§ **TASK DESCRIPTION**
Below are some entries. Work out how many of their lines hold the word "PROG", and write that number alone.
== MATERIAL FOR THIS TASK ==
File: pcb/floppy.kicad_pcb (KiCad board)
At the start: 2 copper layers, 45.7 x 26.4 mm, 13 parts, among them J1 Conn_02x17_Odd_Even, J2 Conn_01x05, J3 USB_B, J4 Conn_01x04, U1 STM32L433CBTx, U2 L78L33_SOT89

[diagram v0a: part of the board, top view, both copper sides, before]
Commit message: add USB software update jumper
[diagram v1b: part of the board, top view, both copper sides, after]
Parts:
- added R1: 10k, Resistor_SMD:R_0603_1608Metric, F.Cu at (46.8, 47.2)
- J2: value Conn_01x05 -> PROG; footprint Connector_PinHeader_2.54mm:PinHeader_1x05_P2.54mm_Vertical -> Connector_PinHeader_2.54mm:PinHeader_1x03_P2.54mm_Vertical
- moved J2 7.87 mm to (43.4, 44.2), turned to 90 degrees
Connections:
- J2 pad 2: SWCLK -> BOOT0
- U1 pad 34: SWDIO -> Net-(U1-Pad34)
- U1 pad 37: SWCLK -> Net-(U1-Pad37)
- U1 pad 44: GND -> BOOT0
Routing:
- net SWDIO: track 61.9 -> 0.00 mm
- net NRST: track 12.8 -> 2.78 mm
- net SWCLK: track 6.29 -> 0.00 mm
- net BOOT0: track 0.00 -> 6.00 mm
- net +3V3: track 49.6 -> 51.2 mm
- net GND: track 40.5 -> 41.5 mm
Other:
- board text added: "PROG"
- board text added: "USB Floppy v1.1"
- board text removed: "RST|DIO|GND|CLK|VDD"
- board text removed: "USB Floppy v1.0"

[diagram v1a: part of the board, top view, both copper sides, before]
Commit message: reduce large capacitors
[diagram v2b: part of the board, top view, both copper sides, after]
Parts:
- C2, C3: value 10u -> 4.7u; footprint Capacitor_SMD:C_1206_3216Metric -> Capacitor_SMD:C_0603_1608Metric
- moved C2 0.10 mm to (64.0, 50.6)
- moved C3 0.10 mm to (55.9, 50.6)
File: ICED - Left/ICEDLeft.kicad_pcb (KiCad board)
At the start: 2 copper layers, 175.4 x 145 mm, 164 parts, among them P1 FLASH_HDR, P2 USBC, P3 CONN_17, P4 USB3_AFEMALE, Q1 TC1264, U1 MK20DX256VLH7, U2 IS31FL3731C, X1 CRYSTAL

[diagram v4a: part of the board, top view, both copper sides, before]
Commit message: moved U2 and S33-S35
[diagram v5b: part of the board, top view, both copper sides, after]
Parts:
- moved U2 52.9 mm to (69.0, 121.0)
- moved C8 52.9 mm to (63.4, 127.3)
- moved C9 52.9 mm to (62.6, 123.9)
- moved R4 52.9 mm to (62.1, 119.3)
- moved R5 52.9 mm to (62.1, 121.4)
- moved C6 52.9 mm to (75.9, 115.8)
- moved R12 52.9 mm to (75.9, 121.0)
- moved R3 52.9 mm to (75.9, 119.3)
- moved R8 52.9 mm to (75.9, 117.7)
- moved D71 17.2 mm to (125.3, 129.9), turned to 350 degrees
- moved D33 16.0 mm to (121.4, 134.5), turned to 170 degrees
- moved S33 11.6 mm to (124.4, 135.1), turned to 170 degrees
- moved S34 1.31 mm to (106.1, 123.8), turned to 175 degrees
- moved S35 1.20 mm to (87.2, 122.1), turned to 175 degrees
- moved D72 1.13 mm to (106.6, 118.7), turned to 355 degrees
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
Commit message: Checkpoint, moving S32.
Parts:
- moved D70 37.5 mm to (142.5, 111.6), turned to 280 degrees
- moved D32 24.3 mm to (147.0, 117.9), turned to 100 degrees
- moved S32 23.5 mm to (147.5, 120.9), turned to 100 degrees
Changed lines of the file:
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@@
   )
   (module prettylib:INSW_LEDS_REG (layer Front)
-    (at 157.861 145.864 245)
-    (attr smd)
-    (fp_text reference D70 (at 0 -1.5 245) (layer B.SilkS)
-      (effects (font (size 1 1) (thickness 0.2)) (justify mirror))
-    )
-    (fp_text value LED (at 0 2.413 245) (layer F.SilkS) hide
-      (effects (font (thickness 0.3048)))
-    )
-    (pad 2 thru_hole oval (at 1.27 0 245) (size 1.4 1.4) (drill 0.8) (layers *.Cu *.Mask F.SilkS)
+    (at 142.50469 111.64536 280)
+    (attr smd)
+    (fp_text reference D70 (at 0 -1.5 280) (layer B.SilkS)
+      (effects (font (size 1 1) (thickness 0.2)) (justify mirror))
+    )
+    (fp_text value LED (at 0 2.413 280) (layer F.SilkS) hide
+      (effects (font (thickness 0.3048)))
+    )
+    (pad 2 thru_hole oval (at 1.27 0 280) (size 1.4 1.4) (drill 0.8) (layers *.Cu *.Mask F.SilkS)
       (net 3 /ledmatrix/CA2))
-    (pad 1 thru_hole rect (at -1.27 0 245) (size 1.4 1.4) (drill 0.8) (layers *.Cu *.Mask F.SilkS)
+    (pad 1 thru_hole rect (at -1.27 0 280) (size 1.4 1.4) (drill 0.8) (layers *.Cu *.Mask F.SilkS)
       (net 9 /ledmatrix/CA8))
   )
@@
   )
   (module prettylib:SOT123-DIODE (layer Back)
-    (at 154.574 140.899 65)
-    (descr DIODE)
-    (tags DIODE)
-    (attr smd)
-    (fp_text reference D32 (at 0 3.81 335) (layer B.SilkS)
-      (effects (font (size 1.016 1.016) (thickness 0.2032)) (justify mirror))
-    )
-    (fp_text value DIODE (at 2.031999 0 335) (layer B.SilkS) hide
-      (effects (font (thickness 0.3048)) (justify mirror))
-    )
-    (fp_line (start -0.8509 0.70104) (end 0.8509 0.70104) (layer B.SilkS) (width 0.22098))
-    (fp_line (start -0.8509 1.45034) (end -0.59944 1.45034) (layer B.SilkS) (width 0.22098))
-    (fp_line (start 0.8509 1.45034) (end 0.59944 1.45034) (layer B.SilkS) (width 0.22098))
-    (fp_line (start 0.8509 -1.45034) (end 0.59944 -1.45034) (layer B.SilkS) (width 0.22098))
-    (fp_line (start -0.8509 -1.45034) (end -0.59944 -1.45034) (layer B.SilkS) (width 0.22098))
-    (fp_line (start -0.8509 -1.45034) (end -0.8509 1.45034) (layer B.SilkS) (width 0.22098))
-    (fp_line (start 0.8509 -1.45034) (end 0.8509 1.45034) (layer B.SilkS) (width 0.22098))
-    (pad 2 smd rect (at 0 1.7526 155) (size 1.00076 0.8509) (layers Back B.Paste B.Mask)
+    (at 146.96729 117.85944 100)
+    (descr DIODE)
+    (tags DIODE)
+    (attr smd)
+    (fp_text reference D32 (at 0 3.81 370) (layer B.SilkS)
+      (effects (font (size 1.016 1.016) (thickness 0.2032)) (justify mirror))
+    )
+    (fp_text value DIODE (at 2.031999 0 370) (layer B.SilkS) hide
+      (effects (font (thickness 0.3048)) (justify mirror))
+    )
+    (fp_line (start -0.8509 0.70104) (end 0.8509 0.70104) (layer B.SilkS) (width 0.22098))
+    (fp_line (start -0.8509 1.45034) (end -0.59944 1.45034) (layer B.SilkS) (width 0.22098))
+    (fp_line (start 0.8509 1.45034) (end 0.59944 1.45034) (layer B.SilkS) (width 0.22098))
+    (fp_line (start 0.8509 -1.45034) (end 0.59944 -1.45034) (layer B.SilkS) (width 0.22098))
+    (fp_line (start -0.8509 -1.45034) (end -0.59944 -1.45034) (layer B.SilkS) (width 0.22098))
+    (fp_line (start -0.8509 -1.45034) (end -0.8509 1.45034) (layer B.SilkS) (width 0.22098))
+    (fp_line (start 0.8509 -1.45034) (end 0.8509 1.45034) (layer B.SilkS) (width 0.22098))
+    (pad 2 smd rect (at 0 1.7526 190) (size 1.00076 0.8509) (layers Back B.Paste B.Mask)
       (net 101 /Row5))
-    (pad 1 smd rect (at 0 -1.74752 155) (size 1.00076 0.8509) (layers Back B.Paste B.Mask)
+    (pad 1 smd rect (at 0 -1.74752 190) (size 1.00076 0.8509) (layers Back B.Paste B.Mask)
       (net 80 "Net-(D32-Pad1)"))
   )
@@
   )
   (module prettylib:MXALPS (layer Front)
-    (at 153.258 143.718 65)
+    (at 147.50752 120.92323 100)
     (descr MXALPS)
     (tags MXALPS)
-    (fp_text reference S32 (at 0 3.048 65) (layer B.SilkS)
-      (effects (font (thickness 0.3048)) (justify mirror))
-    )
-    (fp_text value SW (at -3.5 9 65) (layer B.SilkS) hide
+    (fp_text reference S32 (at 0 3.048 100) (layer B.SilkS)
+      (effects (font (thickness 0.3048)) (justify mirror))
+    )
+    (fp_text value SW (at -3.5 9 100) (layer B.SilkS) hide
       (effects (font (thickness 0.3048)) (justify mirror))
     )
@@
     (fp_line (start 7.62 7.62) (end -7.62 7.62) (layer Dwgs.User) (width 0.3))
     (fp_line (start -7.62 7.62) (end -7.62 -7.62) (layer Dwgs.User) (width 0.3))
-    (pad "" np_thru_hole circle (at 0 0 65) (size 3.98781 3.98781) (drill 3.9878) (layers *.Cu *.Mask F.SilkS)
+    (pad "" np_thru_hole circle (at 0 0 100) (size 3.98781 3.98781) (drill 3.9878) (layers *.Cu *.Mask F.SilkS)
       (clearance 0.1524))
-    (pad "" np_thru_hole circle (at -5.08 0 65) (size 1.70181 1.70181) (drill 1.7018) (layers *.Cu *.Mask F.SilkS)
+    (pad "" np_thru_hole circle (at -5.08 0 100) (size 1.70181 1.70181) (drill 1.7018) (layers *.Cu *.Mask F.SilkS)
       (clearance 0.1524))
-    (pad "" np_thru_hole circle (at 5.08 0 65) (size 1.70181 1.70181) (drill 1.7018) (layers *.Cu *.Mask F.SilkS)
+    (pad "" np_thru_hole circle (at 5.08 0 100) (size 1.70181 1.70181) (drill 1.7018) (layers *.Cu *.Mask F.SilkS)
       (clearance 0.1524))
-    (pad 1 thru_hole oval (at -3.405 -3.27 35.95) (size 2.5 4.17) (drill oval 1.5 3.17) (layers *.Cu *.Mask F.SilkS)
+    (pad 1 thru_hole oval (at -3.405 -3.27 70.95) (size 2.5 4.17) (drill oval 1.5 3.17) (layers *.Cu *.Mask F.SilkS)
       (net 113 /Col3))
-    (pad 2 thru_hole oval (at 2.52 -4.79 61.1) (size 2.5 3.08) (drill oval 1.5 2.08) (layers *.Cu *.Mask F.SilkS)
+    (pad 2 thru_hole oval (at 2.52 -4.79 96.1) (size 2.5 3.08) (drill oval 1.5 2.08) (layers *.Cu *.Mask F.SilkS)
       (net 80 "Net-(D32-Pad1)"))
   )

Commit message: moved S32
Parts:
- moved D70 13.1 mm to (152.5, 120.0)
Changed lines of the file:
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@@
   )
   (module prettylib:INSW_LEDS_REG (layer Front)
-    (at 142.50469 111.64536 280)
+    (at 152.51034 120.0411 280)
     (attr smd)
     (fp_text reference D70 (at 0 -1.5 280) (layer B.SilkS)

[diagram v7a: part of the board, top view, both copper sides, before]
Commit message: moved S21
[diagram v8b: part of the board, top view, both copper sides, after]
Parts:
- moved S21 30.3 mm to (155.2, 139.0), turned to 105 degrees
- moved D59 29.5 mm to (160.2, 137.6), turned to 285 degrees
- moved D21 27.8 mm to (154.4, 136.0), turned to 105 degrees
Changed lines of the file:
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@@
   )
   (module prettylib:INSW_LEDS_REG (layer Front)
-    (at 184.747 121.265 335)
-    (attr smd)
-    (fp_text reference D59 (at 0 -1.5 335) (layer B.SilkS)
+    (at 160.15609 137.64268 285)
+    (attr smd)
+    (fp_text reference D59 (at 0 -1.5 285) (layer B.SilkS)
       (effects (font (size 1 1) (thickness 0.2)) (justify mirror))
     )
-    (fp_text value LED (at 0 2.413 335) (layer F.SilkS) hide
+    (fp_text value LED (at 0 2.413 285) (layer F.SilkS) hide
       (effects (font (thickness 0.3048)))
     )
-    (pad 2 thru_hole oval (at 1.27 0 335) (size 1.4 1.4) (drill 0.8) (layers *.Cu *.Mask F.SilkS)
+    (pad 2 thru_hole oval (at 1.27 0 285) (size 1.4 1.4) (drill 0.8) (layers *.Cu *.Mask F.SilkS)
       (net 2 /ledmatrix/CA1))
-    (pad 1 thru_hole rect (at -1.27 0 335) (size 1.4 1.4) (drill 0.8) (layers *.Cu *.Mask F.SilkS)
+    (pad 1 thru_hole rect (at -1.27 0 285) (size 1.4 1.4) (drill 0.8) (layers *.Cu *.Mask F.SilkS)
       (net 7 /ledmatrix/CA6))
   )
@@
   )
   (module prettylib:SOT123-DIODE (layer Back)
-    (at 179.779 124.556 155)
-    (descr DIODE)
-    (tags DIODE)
===
§ **SOLUTION TO THIS EXERCISE**
2